WORK TO BE COMPLETED>
Pull every line holding the string "Numerator" from the records below.

DATA EXCERPTS>
--*--

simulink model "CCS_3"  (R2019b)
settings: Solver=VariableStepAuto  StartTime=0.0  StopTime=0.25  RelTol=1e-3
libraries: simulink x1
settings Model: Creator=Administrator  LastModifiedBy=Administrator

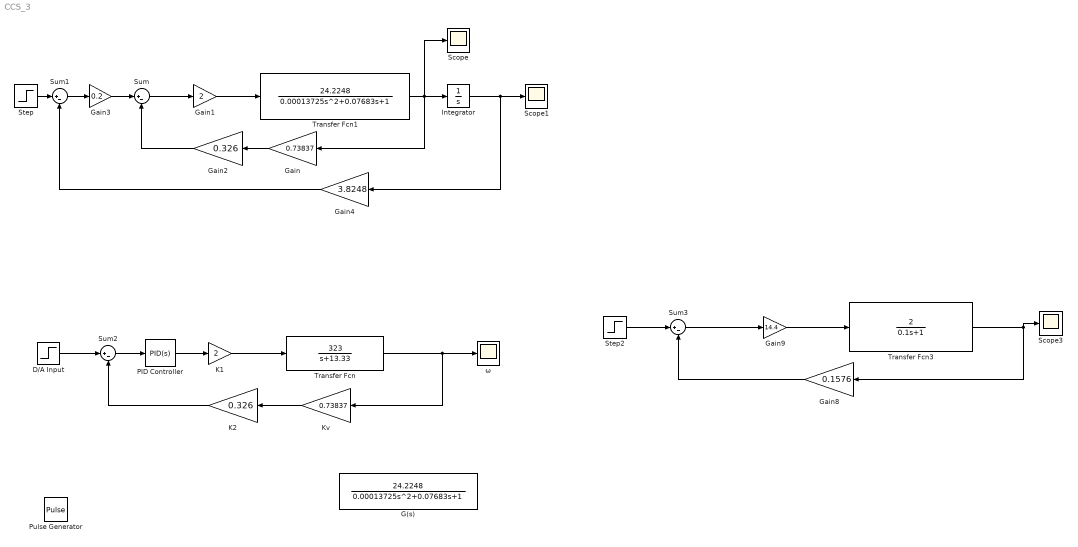
== system CCS_3 ==
  D/A Input : Step  Time=0  SampleTime=0
  G(s) : TransferFcn  Numerator=[24.2248]  Denominator=[0.00013725 0.07683 1]
  Gain : Gain  Gain=0.73837
  Gain1 : Gain  Gain=2
  Gain2 : Gain  Gain=0.326
  Gain3 : Gain  Gain=0.2
  Gain4 : Gain  Gain=3.8248
  Gain8 : Gain  Gain=0.1576
  Gain9 : Gain  Gain=14.4
  Integrator : Integrator
  K1 : Gain  Gain=2
  K2 : Gain  Gain=0.326
  Kv : Gain  Gain=0.73837
  PID Controller : simulink/Continuous/PID Controller  Controller=PID  Form=Parallel  TimeDomain=Continuous-time  SampleTime=-1  IntegratorMethod=Forward Euler  FilterMethod=Forward Euler  ControllerParametersSource=internal  P=1  I=0  D=0  UseFilter=on  N=100  TunerSelectOption=Transfer Function Based (PID Tuner App)  InitialConditionSource=internal  InitialConditionForIntegrator=0  InitialConditionForFilter=0  DifferentiatorICPrevScaledInput=0  ExternalReset=none  TrackingMode=off  Kt=1  LimitOutput=off  UpperSaturationLimit=inf  LowerSaturationLimit=-inf  LinearizeAsGain=on  AntiWindupMode=none  Kb=1  POutMin=[]  POutMax=[]  IOutMin=[]  IOutMax=[]  DOutMin=[]  DOutMax=[]  NOutMin=[]  NOutMax=[]  SumOutMin=[]  SumOutMax=[]  SaturationOutMin=[]  SaturationOutMax=[]  PParamMin=[]  PParamMax=[]  IParamMin=[]  IParamMax=[]  DParamMin=[]  DParamMax=[]  NParamMin=[]  NParamMax=[]  KbParamMin=[]  KbParamMax=[]  KtParamMin=[]  KtParamMax=[]  KbOutMin=[]  KbOutMax=[]  KtOutMin=[]  KtOutMax=[]  IntegratorOutMin=[]  IntegratorOutMax=[]  FilterOutMin=[]  FilterOutMax=[]  SumI1OutMin=[]  SumI1OutMax=[]  SumI2OutMin=[]  SumI2OutMax=[]  SumI3OutMin=[]  SumI3OutMax=[]  SumI4OutMin=[]  SumI4OutMax=[]  SumDOutMin=[]  SumDOutMax=[]  DifferentiatorOutMin=[]  DifferentiatorOutMax=[]  FilterDiffOutCoefMin=[]  FilterDiffOutCoefMax=[]  ReciprocalOutMin=[]  ReciprocalOutMax=[]  SumDenOutMin=[]  SumDenOutMax=[]  SumNumOutMin=[]  SumNumOutMax=[]  DivideOutMin=[]  DivideOutMax=[]  IntegratorContinuousStateAttributes=''  IntegratorStateMustResolveToSignalObject=off  IntegratorRTWStateStorageClass=Auto  FilterContinuousStateAttributes=''  FilterStateMustResolveToSignalObject=off  FilterRTWStateStorageClass=Auto  ParallelPVariant=InternalParameters  IdealPVariant=Disabled  IVariant=InternalParameters  DVariant=InternalParameters  IntegratorVariant=Continuous  SatVariant=Disabled  AWVariant=Passthrough  PCopyVariant=Disabled  TRVariant=Disabled  FdbkBlocksVariant=Forward  IdealPFdbkVariant=Disabled  SatFdbkVariant=Disabled  DerivativeFilterVariant=ContFilter  NVariant=InternalParameters  NCopyVariant=Disabled  FilterICVariant=InternalICsFilter  IntegratorICVariant=InternalICs  ExternalResetVariant=Disabled  TRSumVariant=Passthrough  SumFdbkVariant=Disabled  SumVariant=Sum_PID
  Pulse Generator : DiscretePulseGenerator  PulseType=Time based  Period=10  PulseWidth=5
  Scope : Scope
  Scope1 : Scope
  Scope3 : Scope
  Step : Step  Time=0  After=5  SampleTime=0
  Step2 : Step  Time=0  After=4  SampleTime=0
  Sum{,1..3} (4 alike) : Sum  Inputs=|+-
  Transfer Fcn : TransferFcn  Numerator=[323]  Denominator=[1 13.33]
  Transfer Fcn1 : TransferFcn  Numerator=[24.2248]  Denominator=[0.00013725 0.07683 1]
  Transfer Fcn3 : TransferFcn  Numerator=[2]  Denominator=[0.1 1]
  ω : Scope
  wires:
  Gain/1 -> Gain2/1
  Gain2/1 -> Sum/2
  Gain1/1 -> Transfer Fcn1/1
  Transfer Fcn1/1 -> Integrator/1, Gain/1, Scope/1
  Sum/1 -> Gain1/1
  Integrator/1 -> Gain4/1, Scope1/1
  Gain3/1 -> Sum/1
  Step/1 -> Sum1/1
  Sum1/1 -> Gain3/1
  Gain4/1 -> Sum1/2
  Kv/1 -> K2/1
  K2/1 -> Sum2/2
  Sum2/1 -> PID Controller/1
  PID Controller/1 -> K1/1
  Step2/1 -> Sum3/1
  Gain9/1 -> Transfer Fcn3/1
  Transfer Fcn3/1 -> Scope3/1, Gain8/1
  Gain8/1 -> Sum3/2
  Sum3/1 -> Gain9/1
  K1/1 -> Transfer Fcn/1
  Transfer Fcn/1 -> ω/1, Kv/1
  D/A Input/1 -> Sum2/1

--*--

SOLUTION FOR THIS EXERCISE>
  G(s) : TransferFcn  Numerator=[24.2248]  Denominator=[0.00013725 0.07683 1]
  Transfer Fcn : TransferFcn  Numerator=[323]  Denominator=[1 13.33]
  Transfer Fcn1 : TransferFcn  Numerator=[24.2248]  Denominator=[0.00013725 0.07683 1]
  Transfer Fcn3 : TransferFcn  Numerator=[2]  Denominator=[0.1 1]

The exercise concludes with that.